[Data records]
┌────────

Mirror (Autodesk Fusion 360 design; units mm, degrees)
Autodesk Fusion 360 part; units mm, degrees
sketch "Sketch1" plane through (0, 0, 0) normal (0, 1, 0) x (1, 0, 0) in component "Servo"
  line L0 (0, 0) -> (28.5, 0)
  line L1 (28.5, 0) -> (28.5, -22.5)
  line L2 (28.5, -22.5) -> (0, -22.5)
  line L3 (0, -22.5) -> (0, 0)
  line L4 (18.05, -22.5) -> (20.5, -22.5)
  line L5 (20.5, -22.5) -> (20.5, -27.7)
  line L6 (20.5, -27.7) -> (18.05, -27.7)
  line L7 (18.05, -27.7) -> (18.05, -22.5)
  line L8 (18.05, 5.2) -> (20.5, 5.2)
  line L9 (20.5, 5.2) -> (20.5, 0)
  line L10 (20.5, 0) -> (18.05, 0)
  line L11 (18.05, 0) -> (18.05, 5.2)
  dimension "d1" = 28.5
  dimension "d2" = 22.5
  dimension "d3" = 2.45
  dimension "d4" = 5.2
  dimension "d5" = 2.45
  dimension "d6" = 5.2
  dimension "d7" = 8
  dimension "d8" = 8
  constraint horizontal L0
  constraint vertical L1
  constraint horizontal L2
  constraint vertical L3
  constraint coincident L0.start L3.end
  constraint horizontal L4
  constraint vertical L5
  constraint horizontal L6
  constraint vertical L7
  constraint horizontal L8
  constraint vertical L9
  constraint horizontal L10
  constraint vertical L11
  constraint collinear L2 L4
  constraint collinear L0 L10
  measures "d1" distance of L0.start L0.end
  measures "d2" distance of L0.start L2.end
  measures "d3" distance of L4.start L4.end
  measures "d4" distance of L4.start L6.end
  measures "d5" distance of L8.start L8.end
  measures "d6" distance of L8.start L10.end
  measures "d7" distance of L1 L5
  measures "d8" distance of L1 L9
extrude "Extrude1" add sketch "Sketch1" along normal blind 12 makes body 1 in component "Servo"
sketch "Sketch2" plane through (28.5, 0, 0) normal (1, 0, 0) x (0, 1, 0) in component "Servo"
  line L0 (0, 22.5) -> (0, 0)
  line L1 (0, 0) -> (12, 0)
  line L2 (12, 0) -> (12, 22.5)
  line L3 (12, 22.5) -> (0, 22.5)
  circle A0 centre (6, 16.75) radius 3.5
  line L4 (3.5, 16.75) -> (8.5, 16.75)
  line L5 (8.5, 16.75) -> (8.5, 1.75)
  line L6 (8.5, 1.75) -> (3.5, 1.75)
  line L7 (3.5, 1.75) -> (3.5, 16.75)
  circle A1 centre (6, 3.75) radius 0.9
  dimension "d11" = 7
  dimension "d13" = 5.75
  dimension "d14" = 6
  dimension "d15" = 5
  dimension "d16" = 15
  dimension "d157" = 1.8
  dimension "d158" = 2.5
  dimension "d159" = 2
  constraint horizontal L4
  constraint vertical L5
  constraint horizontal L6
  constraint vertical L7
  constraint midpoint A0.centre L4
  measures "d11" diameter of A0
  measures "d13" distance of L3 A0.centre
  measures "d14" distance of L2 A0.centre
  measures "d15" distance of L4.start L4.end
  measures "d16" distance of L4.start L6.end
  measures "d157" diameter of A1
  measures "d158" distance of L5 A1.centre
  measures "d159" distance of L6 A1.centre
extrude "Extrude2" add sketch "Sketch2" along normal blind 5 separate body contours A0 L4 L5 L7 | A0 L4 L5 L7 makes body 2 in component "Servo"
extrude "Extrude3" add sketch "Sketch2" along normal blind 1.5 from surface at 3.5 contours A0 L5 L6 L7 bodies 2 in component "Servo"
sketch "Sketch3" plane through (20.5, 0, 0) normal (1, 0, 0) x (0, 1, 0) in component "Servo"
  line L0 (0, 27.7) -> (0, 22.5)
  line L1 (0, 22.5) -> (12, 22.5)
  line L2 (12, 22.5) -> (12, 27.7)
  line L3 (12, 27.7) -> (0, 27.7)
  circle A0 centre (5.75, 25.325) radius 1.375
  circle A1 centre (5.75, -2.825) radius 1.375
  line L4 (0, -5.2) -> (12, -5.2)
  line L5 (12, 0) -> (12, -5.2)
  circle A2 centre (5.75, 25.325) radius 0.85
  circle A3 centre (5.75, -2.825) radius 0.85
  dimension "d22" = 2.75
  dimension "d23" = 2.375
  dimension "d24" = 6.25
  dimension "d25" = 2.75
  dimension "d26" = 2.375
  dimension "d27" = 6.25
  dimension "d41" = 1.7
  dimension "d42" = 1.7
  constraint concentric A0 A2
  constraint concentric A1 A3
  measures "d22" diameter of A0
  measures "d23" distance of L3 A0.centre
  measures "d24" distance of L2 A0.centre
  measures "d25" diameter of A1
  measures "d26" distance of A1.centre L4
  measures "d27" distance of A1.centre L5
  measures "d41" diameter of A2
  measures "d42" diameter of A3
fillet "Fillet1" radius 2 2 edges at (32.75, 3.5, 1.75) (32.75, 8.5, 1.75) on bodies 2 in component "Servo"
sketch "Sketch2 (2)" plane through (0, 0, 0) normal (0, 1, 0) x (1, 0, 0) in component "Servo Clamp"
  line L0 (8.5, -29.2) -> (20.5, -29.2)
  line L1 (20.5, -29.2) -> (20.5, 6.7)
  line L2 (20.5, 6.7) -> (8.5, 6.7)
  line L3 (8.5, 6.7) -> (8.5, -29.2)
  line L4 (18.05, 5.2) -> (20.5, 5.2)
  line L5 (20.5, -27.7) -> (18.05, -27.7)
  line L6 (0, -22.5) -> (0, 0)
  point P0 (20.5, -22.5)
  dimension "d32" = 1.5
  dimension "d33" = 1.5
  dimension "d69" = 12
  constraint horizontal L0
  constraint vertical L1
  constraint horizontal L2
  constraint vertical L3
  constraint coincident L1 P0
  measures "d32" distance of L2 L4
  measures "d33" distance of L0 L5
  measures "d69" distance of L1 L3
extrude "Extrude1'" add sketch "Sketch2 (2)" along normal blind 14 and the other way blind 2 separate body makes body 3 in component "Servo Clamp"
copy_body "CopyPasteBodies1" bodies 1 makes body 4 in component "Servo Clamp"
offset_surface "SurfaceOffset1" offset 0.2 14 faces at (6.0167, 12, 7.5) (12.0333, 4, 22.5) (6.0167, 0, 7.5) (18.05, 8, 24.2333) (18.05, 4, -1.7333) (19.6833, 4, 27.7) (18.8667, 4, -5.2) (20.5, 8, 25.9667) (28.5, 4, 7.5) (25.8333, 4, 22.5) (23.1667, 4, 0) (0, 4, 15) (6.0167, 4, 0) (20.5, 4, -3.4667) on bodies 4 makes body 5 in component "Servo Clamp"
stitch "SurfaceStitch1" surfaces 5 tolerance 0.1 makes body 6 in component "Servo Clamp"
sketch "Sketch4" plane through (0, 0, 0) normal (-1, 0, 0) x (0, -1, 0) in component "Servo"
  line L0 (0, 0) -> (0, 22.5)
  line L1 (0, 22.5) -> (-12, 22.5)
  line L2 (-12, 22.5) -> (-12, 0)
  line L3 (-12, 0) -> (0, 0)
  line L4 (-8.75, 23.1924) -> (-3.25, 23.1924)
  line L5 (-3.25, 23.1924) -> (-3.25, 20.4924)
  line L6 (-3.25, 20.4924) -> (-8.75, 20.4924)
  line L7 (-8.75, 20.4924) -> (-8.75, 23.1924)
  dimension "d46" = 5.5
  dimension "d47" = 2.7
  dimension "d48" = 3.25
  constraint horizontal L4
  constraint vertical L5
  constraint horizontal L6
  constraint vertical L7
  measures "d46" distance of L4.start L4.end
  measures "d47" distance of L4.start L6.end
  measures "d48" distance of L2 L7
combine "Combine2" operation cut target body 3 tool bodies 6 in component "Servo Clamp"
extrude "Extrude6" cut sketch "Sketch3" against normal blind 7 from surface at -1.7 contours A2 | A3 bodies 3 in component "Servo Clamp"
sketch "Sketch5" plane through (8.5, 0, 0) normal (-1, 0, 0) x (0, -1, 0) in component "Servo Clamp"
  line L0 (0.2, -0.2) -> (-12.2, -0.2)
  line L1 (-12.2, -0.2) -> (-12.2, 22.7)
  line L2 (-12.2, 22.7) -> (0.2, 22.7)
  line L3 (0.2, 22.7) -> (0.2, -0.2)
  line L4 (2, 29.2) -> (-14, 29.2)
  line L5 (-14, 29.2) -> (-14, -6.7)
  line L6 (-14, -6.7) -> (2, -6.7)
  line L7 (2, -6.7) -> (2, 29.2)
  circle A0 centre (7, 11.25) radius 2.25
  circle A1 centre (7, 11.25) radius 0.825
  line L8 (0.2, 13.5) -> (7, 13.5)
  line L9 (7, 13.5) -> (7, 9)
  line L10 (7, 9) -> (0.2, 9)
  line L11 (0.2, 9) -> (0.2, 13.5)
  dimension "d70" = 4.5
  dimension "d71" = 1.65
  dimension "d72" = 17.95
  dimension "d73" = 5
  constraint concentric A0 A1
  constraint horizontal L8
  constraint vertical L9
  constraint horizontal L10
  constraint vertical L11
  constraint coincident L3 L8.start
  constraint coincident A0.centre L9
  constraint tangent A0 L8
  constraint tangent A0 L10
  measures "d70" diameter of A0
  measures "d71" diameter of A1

└────────

What you give back must be the stretch above, starting at the line with "line L4 (0, -5.2) -> (12, -5.2)" and ending at the line with "normal blind 14", copied exactly.

  line L4 (0, -5.2) -> (12, -5.2)
  line L5 (12, 0) -> (12, -5.2)
  circle A2 centre (5.75, 25.325) radius 0.85
  circle A3 centre (5.75, -2.825) radius 0.85
  dimension "d22" = 2.75
  dimension "d23" = 2.375
  dimension "d24" = 6.25
  dimension "d25" = 2.75
  dimension "d26" = 2.375
  dimension "d27" = 6.25
  dimension "d41" = 1.7
  dimension "d42" = 1.7
  constraint concentric A0 A2
  constraint concentric A1 A3
  measures "d22" diameter of A0
  measures "d23" distance of L3 A0.centre
  measures "d24" distance of L2 A0.centre
  measures "d25" diameter of A1
  measures "d26" distance of A1.centre L4
  measures "d27" distance of A1.centre L5
  measures "d41" diameter of A2
  measures "d42" diameter of A3
fillet "Fillet1" radius 2 2 edges at (32.75, 3.5, 1.75) (32.75, 8.5, 1.75) on bodies 2 in component "Servo"
sketch "Sketch2 (2)" plane through (0, 0, 0) normal (0, 1, 0) x (1, 0, 0) in component "Servo Clamp"
  line L0 (8.5, -29.2) -> (20.5, -29.2)
  line L1 (20.5, -29.2) -> (20.5, 6.7)
  line L2 (20.5, 6.7) -> (8.5, 6.7)
  line L3 (8.5, 6.7) -> (8.5, -29.2)
  line L4 (18.05, 5.2) -> (20.5, 5.2)
  line L5 (20.5, -27.7) -> (18.05, -27.7)
  line L6 (0, -22.5) -> (0, 0)
  point P0 (20.5, -22.5)
  dimension "d32" = 1.5
  dimension "d33" = 1.5
  dimension "d69" = 12
  constraint horizontal L0
  constraint vertical L1
  constraint horizontal L2
  constraint vertical L3
  constraint coincident L1 P0
  measures "d32" distance of L2 L4
  measures "d33" distance of L0 L5
  measures "d69" distance of L1 L3
extrude "Extrude1'" add sketch "Sketch2 (2)" along normal blind 14 and the other way blind 2 separate body makes body 3 in component "Servo Clamp"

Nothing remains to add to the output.